Open klauspost opened 4 years ago
Ah, no you are not missing something obvious. Sorry there is not an easy way to do that right now.
I'll need to think about how to support that. PeachPy has an explicit representation of microarchitecture, where each one has a potentially different register set. Something like that could work.
Hack, that "reserves" the AVX512 registers. Maybe use while debugging only, though impact should be minimal.
// reserveExtended will reserve extended registers, but not use them.

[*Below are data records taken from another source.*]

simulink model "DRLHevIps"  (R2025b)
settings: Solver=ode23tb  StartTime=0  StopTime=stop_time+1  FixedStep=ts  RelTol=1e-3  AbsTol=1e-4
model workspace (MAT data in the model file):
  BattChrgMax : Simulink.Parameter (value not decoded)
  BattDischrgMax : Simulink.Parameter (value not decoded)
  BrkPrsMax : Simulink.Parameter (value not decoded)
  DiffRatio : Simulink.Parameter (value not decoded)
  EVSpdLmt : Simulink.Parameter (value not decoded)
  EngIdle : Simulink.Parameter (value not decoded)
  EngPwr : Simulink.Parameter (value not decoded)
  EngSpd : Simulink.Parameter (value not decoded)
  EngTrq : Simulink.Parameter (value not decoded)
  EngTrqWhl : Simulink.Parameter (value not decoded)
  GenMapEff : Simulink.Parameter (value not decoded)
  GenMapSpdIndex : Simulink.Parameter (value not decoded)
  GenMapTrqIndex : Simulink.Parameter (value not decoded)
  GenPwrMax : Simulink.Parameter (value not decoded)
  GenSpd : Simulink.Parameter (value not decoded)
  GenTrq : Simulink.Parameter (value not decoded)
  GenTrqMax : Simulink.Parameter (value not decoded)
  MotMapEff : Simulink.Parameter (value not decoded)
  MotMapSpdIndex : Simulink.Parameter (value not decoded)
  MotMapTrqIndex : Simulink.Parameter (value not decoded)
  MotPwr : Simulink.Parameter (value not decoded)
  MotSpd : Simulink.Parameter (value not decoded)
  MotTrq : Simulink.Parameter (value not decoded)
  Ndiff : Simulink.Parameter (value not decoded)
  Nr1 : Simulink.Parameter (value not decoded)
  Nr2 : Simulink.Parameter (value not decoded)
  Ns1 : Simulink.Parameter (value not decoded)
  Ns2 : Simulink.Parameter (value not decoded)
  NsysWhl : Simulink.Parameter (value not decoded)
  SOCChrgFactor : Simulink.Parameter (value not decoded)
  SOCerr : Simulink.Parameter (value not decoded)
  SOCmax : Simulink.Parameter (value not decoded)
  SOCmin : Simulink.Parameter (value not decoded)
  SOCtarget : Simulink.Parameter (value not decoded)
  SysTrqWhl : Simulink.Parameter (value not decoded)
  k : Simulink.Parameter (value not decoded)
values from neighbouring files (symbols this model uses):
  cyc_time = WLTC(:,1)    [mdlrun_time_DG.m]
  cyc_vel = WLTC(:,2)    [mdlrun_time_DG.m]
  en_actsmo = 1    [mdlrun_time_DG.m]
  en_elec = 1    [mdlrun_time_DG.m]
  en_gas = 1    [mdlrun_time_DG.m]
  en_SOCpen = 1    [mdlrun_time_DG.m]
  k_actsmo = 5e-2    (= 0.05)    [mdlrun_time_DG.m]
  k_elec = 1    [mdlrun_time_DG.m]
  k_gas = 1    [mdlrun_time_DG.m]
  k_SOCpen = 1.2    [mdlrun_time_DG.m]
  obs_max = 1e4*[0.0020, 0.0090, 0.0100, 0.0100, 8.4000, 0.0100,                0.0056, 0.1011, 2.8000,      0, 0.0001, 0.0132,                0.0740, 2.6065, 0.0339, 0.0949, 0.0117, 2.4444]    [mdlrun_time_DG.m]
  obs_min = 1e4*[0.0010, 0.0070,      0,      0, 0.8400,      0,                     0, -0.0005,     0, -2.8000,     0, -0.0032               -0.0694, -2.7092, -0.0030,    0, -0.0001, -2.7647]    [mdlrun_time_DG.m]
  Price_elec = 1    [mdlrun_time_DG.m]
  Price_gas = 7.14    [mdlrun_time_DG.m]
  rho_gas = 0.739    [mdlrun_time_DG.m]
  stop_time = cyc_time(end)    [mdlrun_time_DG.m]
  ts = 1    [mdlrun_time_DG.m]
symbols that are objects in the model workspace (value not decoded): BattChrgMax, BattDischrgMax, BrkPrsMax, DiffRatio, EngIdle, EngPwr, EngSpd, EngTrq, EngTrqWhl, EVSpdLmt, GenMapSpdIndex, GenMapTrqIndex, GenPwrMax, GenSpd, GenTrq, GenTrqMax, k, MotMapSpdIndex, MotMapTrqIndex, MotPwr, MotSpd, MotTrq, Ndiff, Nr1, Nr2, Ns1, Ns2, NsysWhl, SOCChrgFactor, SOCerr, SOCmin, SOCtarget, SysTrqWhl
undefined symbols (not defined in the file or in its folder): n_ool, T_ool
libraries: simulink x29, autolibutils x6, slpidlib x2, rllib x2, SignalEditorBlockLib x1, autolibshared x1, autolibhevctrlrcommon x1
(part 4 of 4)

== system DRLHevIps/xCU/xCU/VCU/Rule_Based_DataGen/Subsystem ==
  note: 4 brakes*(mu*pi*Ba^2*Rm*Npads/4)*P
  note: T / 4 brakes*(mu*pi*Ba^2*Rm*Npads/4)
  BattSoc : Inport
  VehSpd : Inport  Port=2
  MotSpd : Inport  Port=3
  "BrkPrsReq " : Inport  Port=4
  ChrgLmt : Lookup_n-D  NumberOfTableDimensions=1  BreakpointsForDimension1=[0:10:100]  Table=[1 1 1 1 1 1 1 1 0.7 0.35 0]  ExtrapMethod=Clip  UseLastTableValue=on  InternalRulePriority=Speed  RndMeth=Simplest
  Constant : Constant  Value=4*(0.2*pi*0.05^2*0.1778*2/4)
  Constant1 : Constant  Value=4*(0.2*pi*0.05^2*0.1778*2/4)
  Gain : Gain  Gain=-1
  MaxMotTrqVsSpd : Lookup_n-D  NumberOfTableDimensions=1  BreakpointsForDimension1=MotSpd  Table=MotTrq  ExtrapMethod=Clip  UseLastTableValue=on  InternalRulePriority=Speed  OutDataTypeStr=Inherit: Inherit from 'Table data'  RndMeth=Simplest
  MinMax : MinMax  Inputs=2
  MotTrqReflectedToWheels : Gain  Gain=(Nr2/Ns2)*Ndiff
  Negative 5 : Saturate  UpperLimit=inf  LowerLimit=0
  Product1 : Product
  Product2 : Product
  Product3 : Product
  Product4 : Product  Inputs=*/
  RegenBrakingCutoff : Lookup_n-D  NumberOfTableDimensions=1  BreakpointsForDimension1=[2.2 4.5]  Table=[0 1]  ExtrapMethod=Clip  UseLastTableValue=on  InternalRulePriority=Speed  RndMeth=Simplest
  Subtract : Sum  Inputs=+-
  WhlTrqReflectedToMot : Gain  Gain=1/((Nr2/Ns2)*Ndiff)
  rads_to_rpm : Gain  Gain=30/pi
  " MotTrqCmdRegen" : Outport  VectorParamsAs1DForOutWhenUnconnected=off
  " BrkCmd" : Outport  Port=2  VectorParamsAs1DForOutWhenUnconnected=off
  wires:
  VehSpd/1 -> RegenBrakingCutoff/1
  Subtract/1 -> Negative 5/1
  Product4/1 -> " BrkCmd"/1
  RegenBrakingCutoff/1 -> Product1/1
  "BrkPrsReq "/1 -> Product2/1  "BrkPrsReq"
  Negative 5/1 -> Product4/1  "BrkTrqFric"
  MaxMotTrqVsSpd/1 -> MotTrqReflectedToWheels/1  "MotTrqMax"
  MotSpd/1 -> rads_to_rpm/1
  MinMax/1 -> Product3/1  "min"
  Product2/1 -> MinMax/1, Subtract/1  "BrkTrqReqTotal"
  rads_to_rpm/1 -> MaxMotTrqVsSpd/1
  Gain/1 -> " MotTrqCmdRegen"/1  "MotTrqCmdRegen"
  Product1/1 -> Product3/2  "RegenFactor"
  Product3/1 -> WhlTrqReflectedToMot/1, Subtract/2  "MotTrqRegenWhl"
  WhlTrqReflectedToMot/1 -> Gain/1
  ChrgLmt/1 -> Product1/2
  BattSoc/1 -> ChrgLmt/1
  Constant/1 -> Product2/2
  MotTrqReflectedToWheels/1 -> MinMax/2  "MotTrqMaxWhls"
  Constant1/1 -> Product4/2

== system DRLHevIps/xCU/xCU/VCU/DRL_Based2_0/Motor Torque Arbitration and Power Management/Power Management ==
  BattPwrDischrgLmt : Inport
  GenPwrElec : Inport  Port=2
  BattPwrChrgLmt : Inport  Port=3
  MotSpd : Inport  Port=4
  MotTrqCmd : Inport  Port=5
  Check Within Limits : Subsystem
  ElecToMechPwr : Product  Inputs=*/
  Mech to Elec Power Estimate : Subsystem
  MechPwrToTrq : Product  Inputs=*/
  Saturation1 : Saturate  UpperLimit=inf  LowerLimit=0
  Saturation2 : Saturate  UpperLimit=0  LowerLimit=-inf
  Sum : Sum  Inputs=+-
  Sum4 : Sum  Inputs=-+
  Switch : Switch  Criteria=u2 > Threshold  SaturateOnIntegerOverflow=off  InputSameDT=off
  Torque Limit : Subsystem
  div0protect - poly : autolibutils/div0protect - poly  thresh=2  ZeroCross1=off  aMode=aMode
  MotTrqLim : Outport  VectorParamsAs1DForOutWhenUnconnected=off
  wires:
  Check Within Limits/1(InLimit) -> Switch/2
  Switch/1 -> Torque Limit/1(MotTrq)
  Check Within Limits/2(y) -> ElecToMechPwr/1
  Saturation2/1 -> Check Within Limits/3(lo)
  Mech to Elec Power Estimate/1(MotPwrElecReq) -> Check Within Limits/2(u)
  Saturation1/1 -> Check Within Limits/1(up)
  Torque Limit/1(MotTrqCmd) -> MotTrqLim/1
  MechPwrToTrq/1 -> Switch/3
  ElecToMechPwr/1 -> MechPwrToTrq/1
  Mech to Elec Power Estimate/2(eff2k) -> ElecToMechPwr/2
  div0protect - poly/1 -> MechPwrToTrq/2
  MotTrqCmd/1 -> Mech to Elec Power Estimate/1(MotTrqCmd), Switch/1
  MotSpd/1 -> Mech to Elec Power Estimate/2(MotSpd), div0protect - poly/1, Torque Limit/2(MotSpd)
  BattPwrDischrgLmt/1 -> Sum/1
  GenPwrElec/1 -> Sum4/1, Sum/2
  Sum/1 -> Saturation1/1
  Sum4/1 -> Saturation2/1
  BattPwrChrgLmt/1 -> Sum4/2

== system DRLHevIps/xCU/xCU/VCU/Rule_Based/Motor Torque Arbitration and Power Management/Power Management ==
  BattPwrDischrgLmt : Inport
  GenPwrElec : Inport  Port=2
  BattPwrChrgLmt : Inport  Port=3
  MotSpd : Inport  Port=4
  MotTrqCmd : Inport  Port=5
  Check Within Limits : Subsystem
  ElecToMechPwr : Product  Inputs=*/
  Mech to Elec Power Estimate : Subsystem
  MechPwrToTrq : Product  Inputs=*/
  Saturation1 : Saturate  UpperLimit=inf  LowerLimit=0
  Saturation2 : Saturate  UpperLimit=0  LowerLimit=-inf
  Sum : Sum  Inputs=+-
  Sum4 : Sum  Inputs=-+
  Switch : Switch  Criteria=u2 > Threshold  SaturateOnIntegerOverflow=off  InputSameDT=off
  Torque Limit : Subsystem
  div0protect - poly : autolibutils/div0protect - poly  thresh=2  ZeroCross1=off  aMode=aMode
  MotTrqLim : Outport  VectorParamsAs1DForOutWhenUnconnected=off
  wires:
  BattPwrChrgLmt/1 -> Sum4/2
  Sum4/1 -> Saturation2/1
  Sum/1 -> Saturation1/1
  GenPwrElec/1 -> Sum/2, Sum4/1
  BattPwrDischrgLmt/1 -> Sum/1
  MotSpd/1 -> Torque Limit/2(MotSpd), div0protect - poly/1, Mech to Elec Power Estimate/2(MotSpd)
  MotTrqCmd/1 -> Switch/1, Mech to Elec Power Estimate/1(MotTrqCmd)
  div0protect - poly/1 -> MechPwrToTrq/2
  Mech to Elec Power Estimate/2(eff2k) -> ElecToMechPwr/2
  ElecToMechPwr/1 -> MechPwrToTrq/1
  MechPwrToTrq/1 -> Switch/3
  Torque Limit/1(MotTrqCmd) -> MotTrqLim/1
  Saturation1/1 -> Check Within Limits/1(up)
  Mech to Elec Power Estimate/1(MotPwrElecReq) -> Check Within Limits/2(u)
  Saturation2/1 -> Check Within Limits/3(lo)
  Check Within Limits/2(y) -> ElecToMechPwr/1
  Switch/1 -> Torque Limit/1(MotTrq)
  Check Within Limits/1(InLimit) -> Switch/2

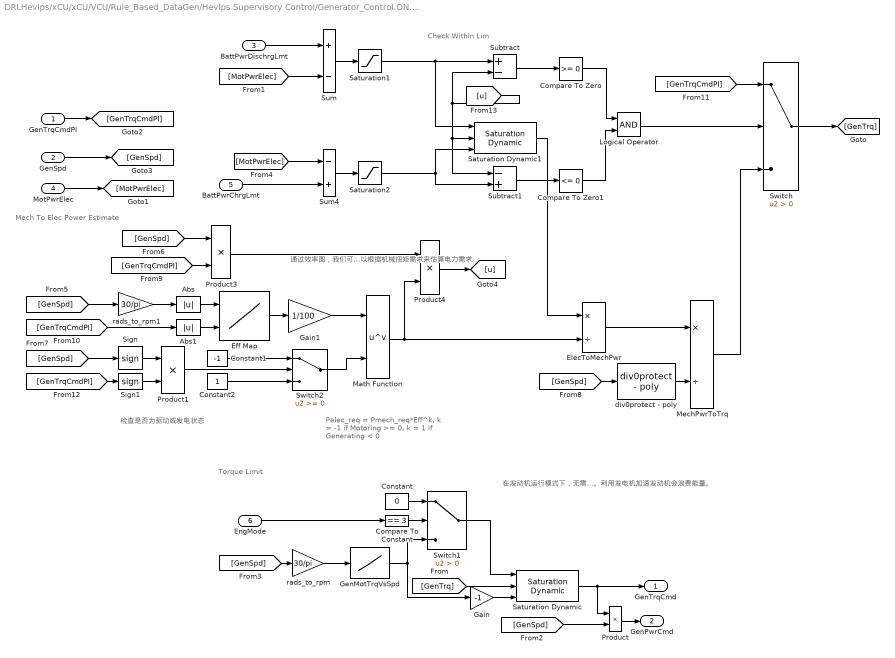
== system DRLHevIps/xCU/xCU/VCU/Rule_Based_DataGen/HevIps Supervisory Control/Generator_Control.ON.GenControl/Power Management ==
  note: Check Within Lim
  note: Mech To Elec Power Estimate
  note: Torque Limit
  note: 在发动机运行模式下，无需保持发电机扭矩大于零，因为发电机通过制动发动机来维持所需速度。利用发电机加速发动机会浪费能量。
  note: 检查是否为驱动或发电状态
  note: 通过效率图，我们可以根据机械扭矩需求来估算电力需求。
  note: Pelec_req = Pmech_req*Eff^k,
      | k = -1 if Motoring >= 0,
      | k = 1 if Generating < 0
  GenTrqCmdPI : Inport
  GenSpd : Inport  Port=2
  BattPwrDischrgLmt : Inport  Port=3
  MotPwrElec : Inport  Port=4
  BattPwrChrgLmt : Inport  Port=5
  EngMode : Inport  Port=6
  Abs : Abs  SaturateOnIntegerOverflow=off
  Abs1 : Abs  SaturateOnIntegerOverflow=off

// Call at the beginning of the function and call the returned function
// just before VZEROUPPER/RET.
func reserveExtended() func() {
tmp := GP64()
XORQ(tmp, tmp)
// Always jump
JZ(LabelRef("skip_extended"))
extZMMs := []reg.VecPhysical{reg.Z16, reg.Z17, reg.Z18, reg.Z19, reg.Z20, reg.Z21, reg.Z22, reg.Z23, reg.Z24, reg.Z25, reg.Z26, reg.Z27, reg.Z28, reg.Z29, reg.Z30, reg.Z31}
for _, reg := range extZMMs {
MOVQ(tmp, reg.AsX())
}
Label("skip_extended")
return func() {
tmp := GP64()
XORQ(tmp, tmp)
// Always jump
JZ(LabelRef("skip_extended_end"))
for _, reg := range extZMMs {
MOVQ(reg.AsX(), tmp)
}
Label("skip_extended_end")
}
}
Is there any way to restrict YMM registers, so for instance AVX2 code can only use reg YMM0 -> YMM15?
Sorry if I am missing something obvious.